The few survivors spilled into the sea, but with the submarine still lurking directly beneath the survivors, one of the two escorting destroyers, HMS Petard, had to go after it – the sub was still a threat to shipping and Japanese commanders had a reputation for machine gunning survivors in the sea. Petard dropped depth charges which eventually destroyed the sub, but also killed and wounded the survivors.
In all, 1,220 male lives were lost and 77 female. The sinking of the Khedive Ismail was the third largest Allied loss of life from shipping in the war, and the largest loss of female lives.
Ann is remembered in Nairobi and the church in Finghall.
SIGNALMAN SYDNEY POWELL
SYDNEY was raised by his parents in Hauxwell, and married Muriel from nearby Hunton, who worked as a live-in laundry maid at Thorpe Perrow Hall, where the grounds are now an arboretum.
He joined the Royal Corps of Signals in 1939, and in December 1941 was sent to the Far East. However, as he sailed east so the Japanese were advancing to meet him.
His regiment landed on eastern Java on February 4, 1942, and had just had time to set up an airfield defence when the enemy landed on the north on February 28. They quickly advanced and at noon on March 9, the British surrendered, and Sydney became a Prisoner of War.
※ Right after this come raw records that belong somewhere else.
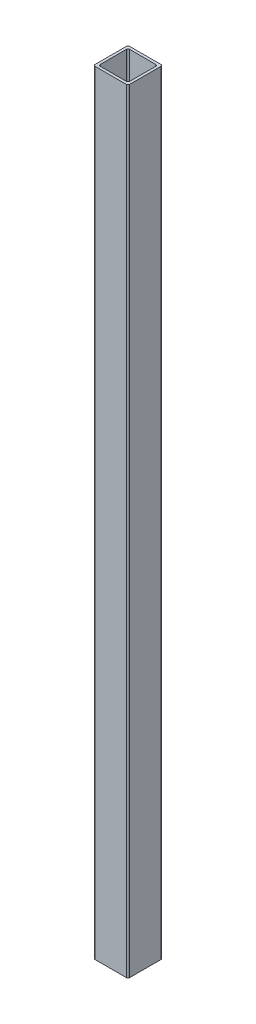
ISO-10303-21;
HEADER;
FILE_DESCRIPTION(('STEP AP214'),'2;1');
FILE_NAME('part.step','',(''),(''),'','','');
FILE_SCHEMA(('AUTOMOTIVE_DESIGN { 1 0 10303 214 1 1 1 1 }'));
ENDSEC;
DATA;
#1=APPLICATION_CONTEXT('core data for automotive mechanical design processes');
#2=APPLICATION_PROTOCOL_DEFINITION('international standard','automotive_design',2000,#1);
#3=PRODUCT_CONTEXT('',#1,'mechanical');
#4=PRODUCT('Part','Part','',(#3));
#5=PRODUCT_RELATED_PRODUCT_CATEGORY('part','',(#4));
#6=PRODUCT_DEFINITION_FORMATION('','',#4);
#7=PRODUCT_DEFINITION_CONTEXT('part definition',#1,'design');
#8=PRODUCT_DEFINITION('design','',#6,#7);
#9=PRODUCT_DEFINITION_SHAPE('','',#8);
#10=(LENGTH_UNIT() NAMED_UNIT(*) SI_UNIT(.MILLI.,.METRE.));
#11=(NAMED_UNIT(*) PLANE_ANGLE_UNIT() SI_UNIT($,.RADIAN.));
#12=(NAMED_UNIT(*) SI_UNIT($,.STERADIAN.) SOLID_ANGLE_UNIT());
#13=UNCERTAINTY_MEASURE_WITH_UNIT(LENGTH_MEASURE(1.E-05),#10,'distance_accuracy_value','');
#14=(GEOMETRIC_REPRESENTATION_CONTEXT(3) GLOBAL_UNCERTAINTY_ASSIGNED_CONTEXT((#13)) GLOBAL_UNIT_ASSIGNED_CONTEXT((#10,
#11,#12)) REPRESENTATION_CONTEXT('',''));
#15=CARTESIAN_POINT('',(0.,0.,0.));
#16=DIRECTION('',(0.,0.,1.));
#17=DIRECTION('',(1.,0.,0.));
#18=AXIS2_PLACEMENT_3D('',#15,#16,#17);
#19=CARTESIAN_POINT('',(-9.,447.59,9.00000000000001));
#20=DIRECTION('',(0.,-1.,0.));
#21=DIRECTION('',(0.,0.,-1.));
#22=AXIS2_PLACEMENT_3D('',#19,#20,#21);
#23=PLANE('',#22);
#24=CARTESIAN_POINT('',(-9.,447.59,9.00000000000001));
#25=DIRECTION('',(0.,1.,0.));
#26=DIRECTION('',(0.,0.,-1.));
#27=AXIS2_PLACEMENT_3D('',#24,#25,#26);
#28=CIRCLE('',#27,1.);
#29=CARTESIAN_POINT('',(-10.,447.59,9.00000000000001));
#30=VERTEX_POINT('',#29);
#31=CARTESIAN_POINT('',(-9.,447.59,10.));
#32=VERTEX_POINT('',#31);
#33=EDGE_CURVE('E215',#30,#32,#28,.T.);
#34=ORIENTED_EDGE('',*,*,#33,.T.);
#35=DIRECTION('',(1.,0.,0.));
#36=VECTOR('',#35,1.);
#37=CARTESIAN_POINT('',(-9.,447.59,10.));
#38=LINE('',#37,#36);
#39=CARTESIAN_POINT('',(9.,447.59,10.));
#40=VERTEX_POINT('',#39);
#41=EDGE_CURVE('E218',#32,#40,#38,.T.);
#42=ORIENTED_EDGE('',*,*,#41,.T.);
#43=CARTESIAN_POINT('',(9.,447.59,9.00000000000001));
#44=DIRECTION('',(0.,1.,0.));
#45=DIRECTION('',(0.,0.,1.));
#46=AXIS2_PLACEMENT_3D('',#43,#44,#45);
#47=CIRCLE('',#46,1.);
#48=CARTESIAN_POINT('',(10.,447.59,9.00000000000001));
#49=VERTEX_POINT('',#48);
#50=EDGE_CURVE('E221',#40,#49,#47,.T.);
#51=ORIENTED_EDGE('',*,*,#50,.T.);
#52=DIRECTION('',(0.,0.,-1.));
#53=VECTOR('',#52,1.);
#54=CARTESIAN_POINT('',(10.,447.59,9.00000000000001));
#55=LINE('',#54,#53);
#56=CARTESIAN_POINT('',(10.,447.59,-9.));
#57=VERTEX_POINT('',#56);
#58=EDGE_CURVE('E223',#49,#57,#55,.T.);
#59=ORIENTED_EDGE('',*,*,#58,.T.);
#60=CARTESIAN_POINT('',(9.,447.59,-9.));
#61=DIRECTION('',(0.,1.,0.));
#62=DIRECTION('',(0.,0.,-1.));
#63=AXIS2_PLACEMENT_3D('',#60,#61,#62);
#64=CIRCLE('',#63,1.);
#65=CARTESIAN_POINT('',(9.,447.59,-10.));
#66=VERTEX_POINT('',#65);
#67=EDGE_CURVE('E225',#57,#66,#64,.T.);
#68=ORIENTED_EDGE('',*,*,#67,.T.);
#69=DIRECTION('',(-1.,0.,0.));
#70=VECTOR('',#69,1.);
#71=CARTESIAN_POINT('',(-9.,447.59,-10.));
#72=LINE('',#71,#70);
#73=CARTESIAN_POINT('',(-9.,447.59,-10.));
#74=VERTEX_POINT('',#73);
#75=EDGE_CURVE('E227',#66,#74,#72,.T.);
#76=ORIENTED_EDGE('',*,*,#75,.T.);
#77=CARTESIAN_POINT('',(-9.,447.59,-9.));
#78=DIRECTION('',(0.,1.,0.));
#79=DIRECTION('',(0.,0.,-1.));
#80=AXIS2_PLACEMENT_3D('',#77,#78,#79);
#81=CIRCLE('',#80,1.);
#82=CARTESIAN_POINT('',(-10.,447.59,-9.));
#83=VERTEX_POINT('',#82);
#84=EDGE_CURVE('E229',#74,#83,#81,.T.);
#85=ORIENTED_EDGE('',*,*,#84,.T.);
#86=DIRECTION('',(0.,0.,1.));
#87=VECTOR('',#86,1.);
#88=CARTESIAN_POINT('',(-10.,447.59,9.00000000000001));
#89=LINE('',#88,#87);
#90=EDGE_CURVE('E231',#83,#30,#89,.T.);
#91=ORIENTED_EDGE('',*,*,#90,.T.);
#92=EDGE_LOOP('',(#34,#42,#51,#59,#68,#76,#85,#91));
#93=FACE_BOUND('',#92,.T.);
#94=CARTESIAN_POINT('',(-7.5,447.59,7.5));
#95=DIRECTION('',(0.,1.,0.));
#96=DIRECTION('',(0.,0.,-1.));
#97=AXIS2_PLACEMENT_3D('',#94,#95,#96);
#98=CIRCLE('',#97,1.);
#99=CARTESIAN_POINT('',(-8.5,447.59,7.5));
#100=VERTEX_POINT('',#99);
#101=CARTESIAN_POINT('',(-7.5,447.59,8.5));
#102=VERTEX_POINT('',#101);
#103=EDGE_CURVE('E150',#100,#102,#98,.T.);
#104=ORIENTED_EDGE('',*,*,#103,.F.);
#105=DIRECTION('',(0.,0.,1.));
#106=VECTOR('',#105,1.);
#107=CARTESIAN_POINT('',(-8.5,447.59,7.5));
#108=LINE('',#107,#106);
#109=CARTESIAN_POINT('',(-8.5,447.59,-7.5));
#110=VERTEX_POINT('',#109);
#111=EDGE_CURVE('E183',#110,#100,#108,.T.);
#112=ORIENTED_EDGE('',*,*,#111,.F.);
#113=CARTESIAN_POINT('',(-7.5,447.59,-7.5));
#114=DIRECTION('',(0.,1.,0.));
#115=DIRECTION('',(0.,0.,-1.));
#116=AXIS2_PLACEMENT_3D('',#113,#114,#115);
#117=CIRCLE('',#116,0.999999999999999);
#118=CARTESIAN_POINT('',(-7.5,447.59,-8.5));
#119=VERTEX_POINT('',#118);
#120=EDGE_CURVE('E181',#119,#110,#117,.T.);
#121=ORIENTED_EDGE('',*,*,#120,.F.);
#122=DIRECTION('',(-1.,0.,0.));
#123=VECTOR('',#122,1.);
#124=CARTESIAN_POINT('',(-7.5,447.59,-8.5));
#125=LINE('',#124,#123);
#126=CARTESIAN_POINT('',(7.5,447.59,-8.5));
#127=VERTEX_POINT('',#126);
#128=EDGE_CURVE('E179',#127,#119,#125,.T.);
#129=ORIENTED_EDGE('',*,*,#128,.F.);
#130=CARTESIAN_POINT('',(7.5,447.59,-7.5));
#131=DIRECTION('',(0.,1.,0.));
#132=DIRECTION('',(0.,0.,-1.));
#133=AXIS2_PLACEMENT_3D('',#130,#131,#132);
#134=CIRCLE('',#133,1.);
#135=CARTESIAN_POINT('',(8.5,447.59,-7.5));
#136=VERTEX_POINT('',#135);
#137=EDGE_CURVE('E177',#136,#127,#134,.T.);
#138=ORIENTED_EDGE('',*,*,#137,.F.);
#139=DIRECTION('',(0.,0.,-1.));
#140=VECTOR('',#139,1.);
#141=CARTESIAN_POINT('',(8.5,447.59,7.5));
#142=LINE('',#141,#140);
#143=CARTESIAN_POINT('',(8.5,447.59,7.5));
#144=VERTEX_POINT('',#143);
#145=EDGE_CURVE('E173',#144,#136,#142,.T.);
#146=ORIENTED_EDGE('',*,*,#145,.F.);
#147=CARTESIAN_POINT('',(7.5,447.59,7.5));
#148=DIRECTION('',(0.,1.,0.));
#149=DIRECTION('',(0.,0.,1.));
#150=AXIS2_PLACEMENT_3D('',#147,#148,#149);
#151=CIRCLE('',#150,1.);
#152=CARTESIAN_POINT('',(7.5,447.59,8.5));
#153=VERTEX_POINT('',#152);
#154=EDGE_CURVE('E171',#153,#144,#151,.T.);
#155=ORIENTED_EDGE('',*,*,#154,.F.);
#156=DIRECTION('',(1.,0.,0.));
#157=VECTOR('',#156,1.);
#158=CARTESIAN_POINT('',(-7.5,447.59,8.5));
#159=LINE('',#158,#157);
#160=EDGE_CURVE('E158',#102,#153,#159,.T.);
#161=ORIENTED_EDGE('',*,*,#160,.F.);
#162=EDGE_LOOP('',(#104,#112,#121,#129,#138,#146,#155,#161));
#163=FACE_BOUND('',#162,.T.);
#164=ADVANCED_FACE('F37',(#93,#163),#23,.F.);
#165=CARTESIAN_POINT('',(-9.,0.,9.00000000000001));
#166=DIRECTION('',(0.,-1.,0.));
#167=DIRECTION('',(0.,0.,-1.));
#168=AXIS2_PLACEMENT_3D('',#165,#166,#167);
#169=PLANE('',#168);
#170=CARTESIAN_POINT('',(-9.,0.,9.00000000000001));
#171=DIRECTION('',(0.,1.,0.));
#172=DIRECTION('',(0.,0.,-1.));
#173=AXIS2_PLACEMENT_3D('',#170,#171,#172);
#174=CIRCLE('',#173,1.);
#175=CARTESIAN_POINT('',(-10.,0.,9.00000000000001));
#176=VERTEX_POINT('',#175);
#177=CARTESIAN_POINT('',(-9.,0.,10.));
#178=VERTEX_POINT('',#177);
#179=EDGE_CURVE('E166',#176,#178,#174,.T.);
#180=ORIENTED_EDGE('',*,*,#179,.F.);
#181=DIRECTION('',(0.,0.,1.));
#182=VECTOR('',#181,1.);
#183=CARTESIAN_POINT('',(-10.,0.,9.00000000000001));
#184=LINE('',#183,#182);
#185=CARTESIAN_POINT('',(-10.,0.,-9.));
#186=VERTEX_POINT('',#185);
#187=EDGE_CURVE('E219',#186,#176,#184,.T.);
#188=ORIENTED_EDGE('',*,*,#187,.F.);
#189=CARTESIAN_POINT('',(-9.,0.,-9.));
#190=DIRECTION('',(0.,1.,0.));
#191=DIRECTION('',(0.,0.,-1.));
#192=AXIS2_PLACEMENT_3D('',#189,#190,#191);
#193=CIRCLE('',#192,1.);
#194=CARTESIAN_POINT('',(-9.,0.,-10.));
#195=VERTEX_POINT('',#194);
#196=EDGE_CURVE('E246',#195,#186,#193,.T.);
#197=ORIENTED_EDGE('',*,*,#196,.F.);
#198=DIRECTION('',(-1.,0.,0.));
#199=VECTOR('',#198,1.);
#200=CARTESIAN_POINT('',(-9.,0.,-10.));
#201=LINE('',#200,#199);
#202=CARTESIAN_POINT('',(9.,0.,-10.));
#203=VERTEX_POINT('',#202);
#204=EDGE_CURVE('E244',#203,#195,#201,.T.);
#205=ORIENTED_EDGE('',*,*,#204,.F.);
#206=CARTESIAN_POINT('',(9.,0.,-9.));
#207=DIRECTION('',(0.,1.,0.));
#208=DIRECTION('',(0.,0.,-1.));
#209=AXIS2_PLACEMENT_3D('',#206,#207,#208);
#210=CIRCLE('',#209,1.);
#211=CARTESIAN_POINT('',(10.,0.,-9.));
#212=VERTEX_POINT('',#211);
#213=EDGE_CURVE('E242',#212,#203,#210,.T.);
#214=ORIENTED_EDGE('',*,*,#213,.F.);
#215=DIRECTION('',(0.,0.,-1.));
#216=VECTOR('',#215,1.);
#217=CARTESIAN_POINT('',(10.,0.,9.00000000000001));
#218=LINE('',#217,#216);
#219=CARTESIAN_POINT('',(10.,0.,9.00000000000001));
#220=VERTEX_POINT('',#219);
#221=EDGE_CURVE('E240',#220,#212,#218,.T.);
#222=ORIENTED_EDGE('',*,*,#221,.F.);
#223=CARTESIAN_POINT('',(9.,0.,9.00000000000001));
#224=DIRECTION('',(0.,1.,0.));
#225=DIRECTION('',(0.,0.,1.));
#226=AXIS2_PLACEMENT_3D('',#223,#224,#225);
#227=CIRCLE('',#226,1.);
#228=CARTESIAN_POINT('',(9.,0.,10.));
#229=VERTEX_POINT('',#228);
#230=EDGE_CURVE('E238',#229,#220,#227,.T.);
#231=ORIENTED_EDGE('',*,*,#230,.F.);
#232=DIRECTION('',(1.,0.,0.));
#233=VECTOR('',#232,1.);
#234=CARTESIAN_POINT('',(-9.,0.,10.));
#235=LINE('',#234,#233);
#236=EDGE_CURVE('E236',#178,#229,#235,.T.);
#237=ORIENTED_EDGE('',*,*,#236,.F.);
#238=EDGE_LOOP('',(#180,#188,#197,#205,#214,#222,#231,#237));
#239=FACE_BOUND('',#238,.T.);
#240=DIRECTION('',(0.,0.,1.));
#241=VECTOR('',#240,1.);
#242=CARTESIAN_POINT('',(-8.5,0.,7.5));
#243=LINE('',#242,#241);
#244=CARTESIAN_POINT('',(-8.5,0.,-7.5));
#245=VERTEX_POINT('',#244);
#246=CARTESIAN_POINT('',(-8.5,0.,7.5));
#247=VERTEX_POINT('',#246);
#248=EDGE_CURVE('E159',#245,#247,#243,.T.);
#249=ORIENTED_EDGE('',*,*,#248,.T.);
#250=CARTESIAN_POINT('',(-7.5,0.,7.5));
#251=DIRECTION('',(0.,1.,0.));
#252=DIRECTION('',(0.,0.,-1.));
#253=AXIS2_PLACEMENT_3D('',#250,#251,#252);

He was sent to construct the notorious Burma Railway where, on September 23, 1944, at the age of 32, he became one of the 16,000 Allied prisoners to die due the atrocious conditions they worked in.
He never saw his son, Sydney, who was born in September 1942.
Even though his wife and son continued to live at Hauxwell for many years, Sydney’s name was never commemorated in his home area. More than 76 years after his death, the new memorial and the book right that wrong.